É melhor lembrar ou há situações em que o esquecimento pode ser conveniente e salutar? Qual o papel que a memória desempenha para a coletividade? E para a individualidade? Essas e outras questões são enfrentadas a contento na obra de uma forma que somente a boa literatura pode proporcionar. O êxito de Kazuo Ishiguro é múltiplo, pois consegue estabelecer uma excelente narrativa enquanto também dialoga refletindo com essas e outras importantes questões para o indivíduo e(m) sua coletividade. Um romance que faz com que o tema seja refletido a contento. Como bem aponta Eduardo Veronese ao analisar a obra, “talvez sejam poucas as oportunidades de interpretar e reinterpretar um fenômeno dotado de grande relevância jurídica a partir da leitura de somente uma obra. E a leitura de O Gigante Enterrado possibilita tal experiência, sobre a temática do esquecimento de maneira inigualável” (VERONESE, 2018, p. 96).
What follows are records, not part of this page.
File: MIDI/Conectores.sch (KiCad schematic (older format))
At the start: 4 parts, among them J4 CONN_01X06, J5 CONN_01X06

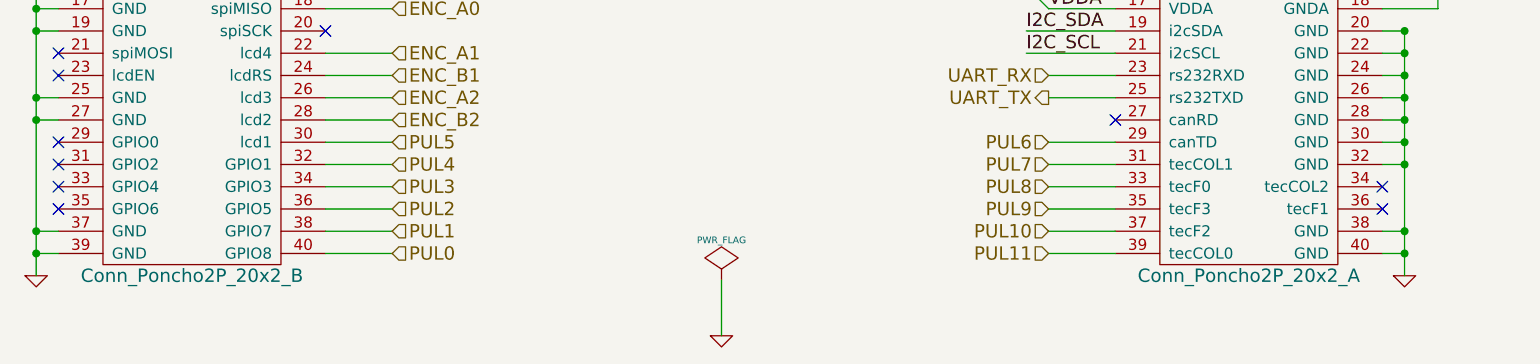
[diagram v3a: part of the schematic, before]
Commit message: Se modifican campos de componentes
> Se realizan los cambios en los campos de kiCost para reflejar los cambios de footprints (de 0603 a 0805).
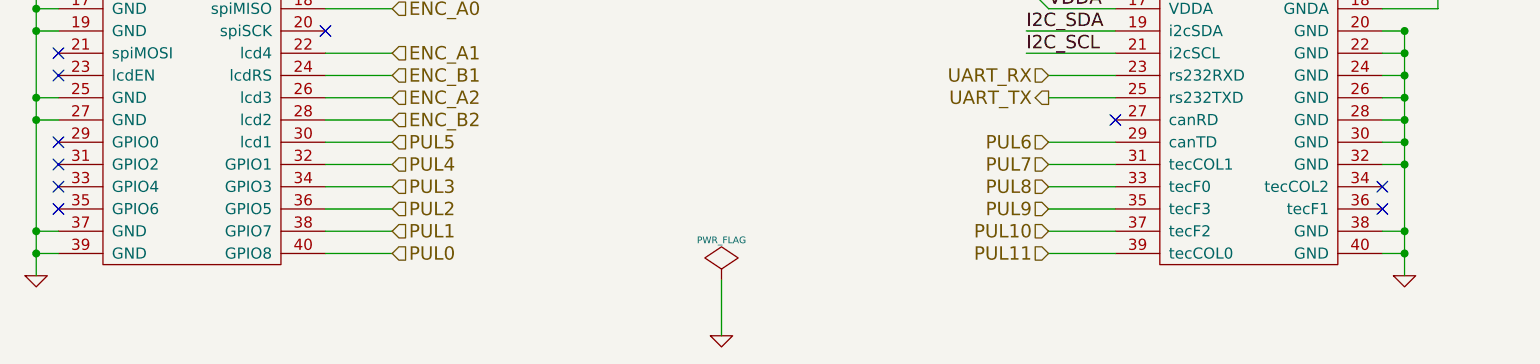
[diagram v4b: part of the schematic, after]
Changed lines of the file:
@@
 P 3095 3730
 F 0 "XB1" H 3395 4130 60  0000 C CNN
-F 1 "Conn_Poncho2P_20x2_B" H 3445 2030 60  0000 C CNN
+F 1 "Conn_Poncho2P_20x2_B" H 3445 2030 60  0001 C CNN
 F 2 "MIDI:PIN_ARRAY_20X2" H 3095 3730 60  0001 C CNN
 F 3 "http://portal.fciconnect.com/Comergent//fci/drawing/67996.pdf" H 3095 3730 60  0001 C CNN
@@
 P 7845 3730
 F 0 "XA1" H 8145 4130 60  0000 C CNN
-F 1 "Conn_Poncho2P_20x2_A" H 8195 2030 60  0000 C CNN
+F 1 "Conn_Poncho2P_20x2_A" H 8195 2030 60  0001 C CNN
 F 2 "MIDI:PIN_ARRAY_20X2" H 7845 3730 60  0001 C CNN
 F 3 "http://portal.fciconnect.com/Comergent//fci/drawing/67996.pdf" H 7845 3730 60  0001 C CNN

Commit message: Correcciones menores en campos para BOM
> Se corrigen error observados luego de la generación de la BOM.
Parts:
- J4: Description (none) -> CONN RCPT 6POS .100\" SGL PCB; Manf# 75915-306LF -> 75915-306LF
- J5: Description (none) -> CONN RCPT 6POS .100\" SGL PCB; Manf# 75916-306LF -> 75915-306LF
- XA1, XB1: Description (none) -> BERGSTIK II 0.100\" DUAL ST
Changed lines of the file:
@@
 F 2 "MIDI:Pin_Header_Straight_1x06_Pitch2.54mm" H 6595 2430 50  0001 C CNN
 F 3 "http://portal.fciconnect.com/Comergent//fci/drawing/75915.pdf" H 6595 2430 50  0001 C CNN
-F 4 "CONN RCPT 6POS .100\" SGL PCB" H 0   0   60  0001 C CNN "Desc"
+F 4 "CONN RCPT 6POS .100\" SGL PCB" H 0   0   60  0001 C CNN "Description"
 F 5 "609-3558-ND" H 0   0   50  0001 C CNN "Digikey#"
 F 6 "Amphenol FCI" H 0   0   50  0001 C CNN "Manf"
-F 7 "75916-306LF " H 0   0   50  0001 C CNN "Manf#"
+F 7 "75915-306LF" H 0   0   50  0001 C CNN "Manf#"
 F 8 "649-75915-306LF" H 0   0   50  0001 C CNN "Mouser#"
+F 9 "CONN RCPT 6POS .100\" SGL PCB" H 6595 2430 60  0001 C CNN "Desc"
 	1    6595 2430
 	-1   0    0    -1
@@
 F 2 "MIDI:Pin_Header_Straight_1x06_Pitch2.54mm" H 5045 2430 50  0001 C CNN
 F 3 "http://portal.fciconnect.com/Comergent//fci/drawing/75915.pdf" H 5045 2430 50  0001 C CNN
-F 4 "CONN RCPT 6POS .100\" SGL PCB" H 0   0   60  0001 C CNN "Desc"
+F 4 "CONN RCPT 6POS .100\" SGL PCB" H 0   0   60  0001 C CNN "Description"
 F 5 "609-3558-ND" H 0   0   50  0001 C CNN "Digikey#"
 F 6 "Amphenol FCI" H 0   0   50  0001 C CNN "Manf"
-F 7 "75915-306LF " H 0   0   50  0001 C CNN "Manf#"
+F 7 "75915-306LF" H 0   0   50  0001 C CNN "Manf#"
 F 8 "649-75915-306LF" H 0   0   50  0001 C CNN "Mouser#"
+F 9 "CONN RCPT 6POS .100\" SGL PCB" H 5045 2430 60  0001 C CNN "Desc"
 	1    5045 2430
 	1    0    0    -1
@@
 F 2 "MIDI:PIN_ARRAY_20X2" H 3095 3730 60  0001 C CNN
 F 3 "http://portal.fciconnect.com/Comergent//fci/drawing/67996.pdf" H 3095 3730 60  0001 C CNN
-F 4 "BERGSTIK II 0.100\" DUAL ST" H 0   0   60  0001 C CNN "Desc"
+F 4 "BERGSTIK II 0.100\" DUAL ST" H 0   0   60  0001 C CNN "Description"
 F 5 "609-4724-ND" H 0   0   50  0001 C CNN "Digikey#"
 F 6 "Amphenol FCI" H 0   0   50  0001 C CNN "Manf"
 F 7 "68602-140HLF" H 0   0   50  0001 C CNN "Manf#"
 F 8 "649-68602-140HLF" H 0   0   50  0001 C CNN "Mouser#"
+F 9 "BERGSTIK II 0.100\" DUAL ST" H 3095 3730 60  0001 C CNN "Desc"
 	1    3095 3730
 	1    0    0    -1
@@
 F 2 "MIDI:PIN_ARRAY_20X2" H 7845 3730 60  0001 C CNN
 F 3 "http://portal.fciconnect.com/Comergent//fci/drawing/67996.pdf" H 7845 3730 60  0001 C CNN
-F 4 "BERGSTIK II 0.100\" DUAL ST" H 0   0   60  0001 C CNN "Desc"
+F 4 "BERGSTIK II 0.100\" DUAL ST" H 0   0   60  0001 C CNN "Description"
 F 5 "609-4724-ND" H 0   0   50  0001 C CNN "Digikey#"
 F 6 "Amphenol FCI" H 0   0   50  0001 C CNN "Manf"
 F 7 "68602-140HLF" H 0   0   50  0001 C CNN "Manf#"
 F 8 "649-68602-140HLF" H 0   0   50  0001 C CNN "Mouser#"
+F 9 "BERGSTIK II 0.100\" DUAL ST" H 7845 3730 60  0001 C CNN "Desc"
 	1    7845 3730
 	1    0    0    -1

Se a literatura está mais do que apta para tratar das lembranças e do esquecimento, questiona-se o Direito nesse mesmo sentido: estaria o jurídico preparado para tratar adequadamente das questões que dizem respeito ao passado? O debate que hoje é feito sobre o direito ao esquecimento é responsável e leva em conta todos os fatores presentes nessa articulação entre as lembranças dignas e as (assim ditas) descartáveis? Até que ponto alguma forma de esquecimento é salutar e quando a proposta passa a ser problemática? São questões que merecem ser abordadas e trabalhadas não com frivolidade, mas com a importância que merece o tema.
Talvez os grandes casos midiáticos constituam um bom ponto de partida para se estabelecer o diálogo sobre a questão. Seja como for, o que jamais se pode cogitar é uma negação do ocorrido ante a sua condenação ao esquecimento, sob pena de o Ministério da Verdade, da grande obra “1984”, de George Orwell, surgir como uma boa ideia enquanto proposta.
Exige-se responsabilidade em lidar com o passado, pois jamais se pode apagá-lo, uma vez que ínsito das lembranças, das recordações, da memória – individual e coletiva. É certo que “somos construídos como máquinas de genes e educados como máquinas de memes, mas temos o poder de nos revoltar contra os nossos criadores” (DAWKINS, 2007, p. 343). É daí que se diz do relevo da discussão sobre o tema. Por um lado, o problema do esquecimento, tal como visto na película “Brilho Eterno de uma Mente sem Lembranças”. Por outro, o problema da chaga que pode surgir como consequência de não tratar e compreender a memória enquanto tal. Eis o desafio travado ao se falar no tal direito ao esquecimento.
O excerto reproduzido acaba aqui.